WHAT IS BEING ASKED: Reproduce each line of the material exactly, minus any picture.

** Opening LISTED RECORDS block **

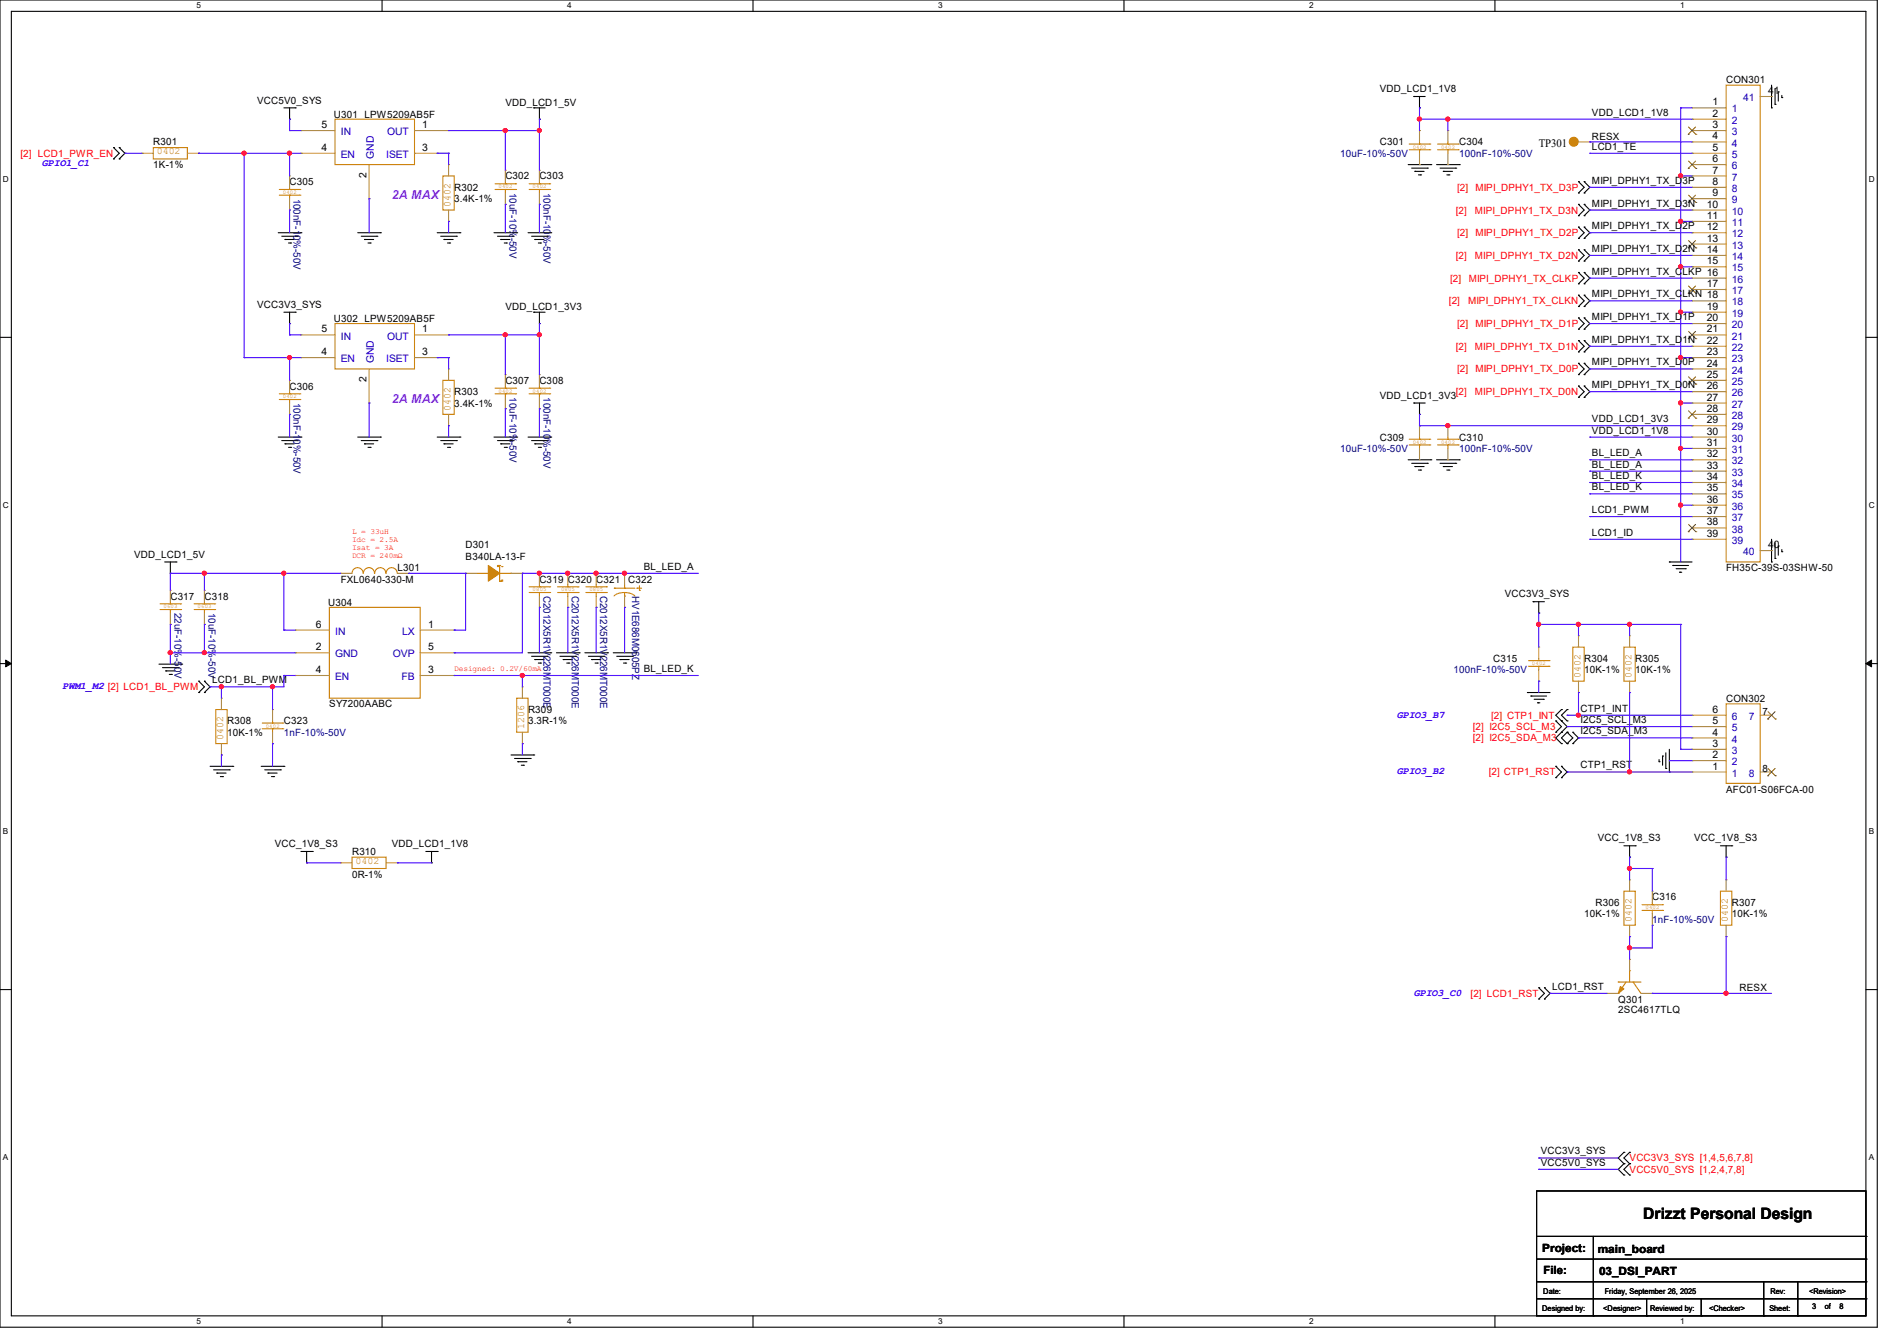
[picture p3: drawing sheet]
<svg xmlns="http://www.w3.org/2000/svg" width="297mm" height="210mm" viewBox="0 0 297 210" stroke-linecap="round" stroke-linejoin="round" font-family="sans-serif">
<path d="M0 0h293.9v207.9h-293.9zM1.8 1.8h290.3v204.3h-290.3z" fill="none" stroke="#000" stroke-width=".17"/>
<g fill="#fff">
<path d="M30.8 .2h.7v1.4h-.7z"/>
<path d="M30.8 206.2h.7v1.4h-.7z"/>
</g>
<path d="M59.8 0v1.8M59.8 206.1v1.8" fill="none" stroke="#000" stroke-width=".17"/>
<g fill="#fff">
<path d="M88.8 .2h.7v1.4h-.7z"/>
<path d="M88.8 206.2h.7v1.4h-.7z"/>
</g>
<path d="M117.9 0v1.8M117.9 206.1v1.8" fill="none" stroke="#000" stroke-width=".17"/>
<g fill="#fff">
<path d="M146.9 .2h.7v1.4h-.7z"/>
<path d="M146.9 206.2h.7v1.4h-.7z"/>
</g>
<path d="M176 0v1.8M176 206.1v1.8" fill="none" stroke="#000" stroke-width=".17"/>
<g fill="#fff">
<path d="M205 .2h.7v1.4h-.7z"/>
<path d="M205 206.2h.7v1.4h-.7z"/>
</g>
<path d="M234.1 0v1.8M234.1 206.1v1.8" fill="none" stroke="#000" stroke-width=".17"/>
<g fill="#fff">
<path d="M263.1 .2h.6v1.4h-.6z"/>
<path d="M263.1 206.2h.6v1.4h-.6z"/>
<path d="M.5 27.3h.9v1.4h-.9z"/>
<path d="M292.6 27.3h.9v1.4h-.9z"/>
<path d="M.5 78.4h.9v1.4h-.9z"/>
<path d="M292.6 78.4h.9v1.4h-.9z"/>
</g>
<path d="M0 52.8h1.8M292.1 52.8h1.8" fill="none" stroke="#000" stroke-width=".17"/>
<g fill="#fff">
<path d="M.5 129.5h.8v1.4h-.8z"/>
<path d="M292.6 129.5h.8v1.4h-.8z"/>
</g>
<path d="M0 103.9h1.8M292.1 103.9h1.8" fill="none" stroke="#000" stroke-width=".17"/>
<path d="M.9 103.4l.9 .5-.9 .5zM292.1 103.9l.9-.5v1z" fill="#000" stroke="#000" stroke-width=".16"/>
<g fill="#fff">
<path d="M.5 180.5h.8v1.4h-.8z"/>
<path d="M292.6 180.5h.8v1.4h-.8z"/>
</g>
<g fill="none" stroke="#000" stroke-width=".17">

** Closing LISTED RECORDS block **

SOLUTION TO THIS PROBLEM:
[picture p3: drawing sheet]
<svg xmlns="http://www.w3.org/2000/svg" width="297mm" height="210mm" viewBox="0 0 297 210" stroke-linecap="round" stroke-linejoin="round" font-family="sans-serif">
<path d="M0 0h293.9v207.9h-293.9zM1.8 1.8h290.3v204.3h-290.3z" fill="none" stroke="#000" stroke-width=".17"/>
<g fill="#fff">
<path d="M30.8 .2h.7v1.4h-.7z"/>
<path d="M30.8 206.2h.7v1.4h-.7z"/>
</g>
<path d="M59.8 0v1.8M59.8 206.1v1.8" fill="none" stroke="#000" stroke-width=".17"/>
<g fill="#fff">
<path d="M88.8 .2h.7v1.4h-.7z"/>
<path d="M88.8 206.2h.7v1.4h-.7z"/>
</g>
<path d="M117.9 0v1.8M117.9 206.1v1.8" fill="none" stroke="#000" stroke-width=".17"/>
<g fill="#fff">
<path d="M146.9 .2h.7v1.4h-.7z"/>
<path d="M146.9 206.2h.7v1.4h-.7z"/>
</g>
<path d="M176 0v1.8M176 206.1v1.8" fill="none" stroke="#000" stroke-width=".17"/>
<g fill="#fff">
<path d="M205 .2h.7v1.4h-.7z"/>
<path d="M205 206.2h.7v1.4h-.7z"/>
</g>
<path d="M234.1 0v1.8M234.1 206.1v1.8" fill="none" stroke="#000" stroke-width=".17"/>
<g fill="#fff">
<path d="M263.1 .2h.6v1.4h-.6z"/>
<path d="M263.1 206.2h.6v1.4h-.6z"/>
<path d="M.5 27.3h.9v1.4h-.9z"/>
<path d="M292.6 27.3h.9v1.4h-.9z"/>
<path d="M.5 78.4h.9v1.4h-.9z"/>
<path d="M292.6 78.4h.9v1.4h-.9z"/>
</g>
<path d="M0 52.8h1.8M292.1 52.8h1.8" fill="none" stroke="#000" stroke-width=".17"/>
<g fill="#fff">
<path d="M.5 129.5h.8v1.4h-.8z"/>
<path d="M292.6 129.5h.8v1.4h-.8z"/>
</g>
<path d="M0 103.9h1.8M292.1 103.9h1.8" fill="none" stroke="#000" stroke-width=".17"/>
<path d="M.9 103.4l.9 .5-.9 .5zM292.1 103.9l.9-.5v1z" fill="#000" stroke="#000" stroke-width=".16"/>
<g fill="#fff">
<path d="M.5 180.5h.8v1.4h-.8z"/>
<path d="M292.6 180.5h.8v1.4h-.8z"/>
</g>
<g fill="none" stroke="#000" stroke-width=".17">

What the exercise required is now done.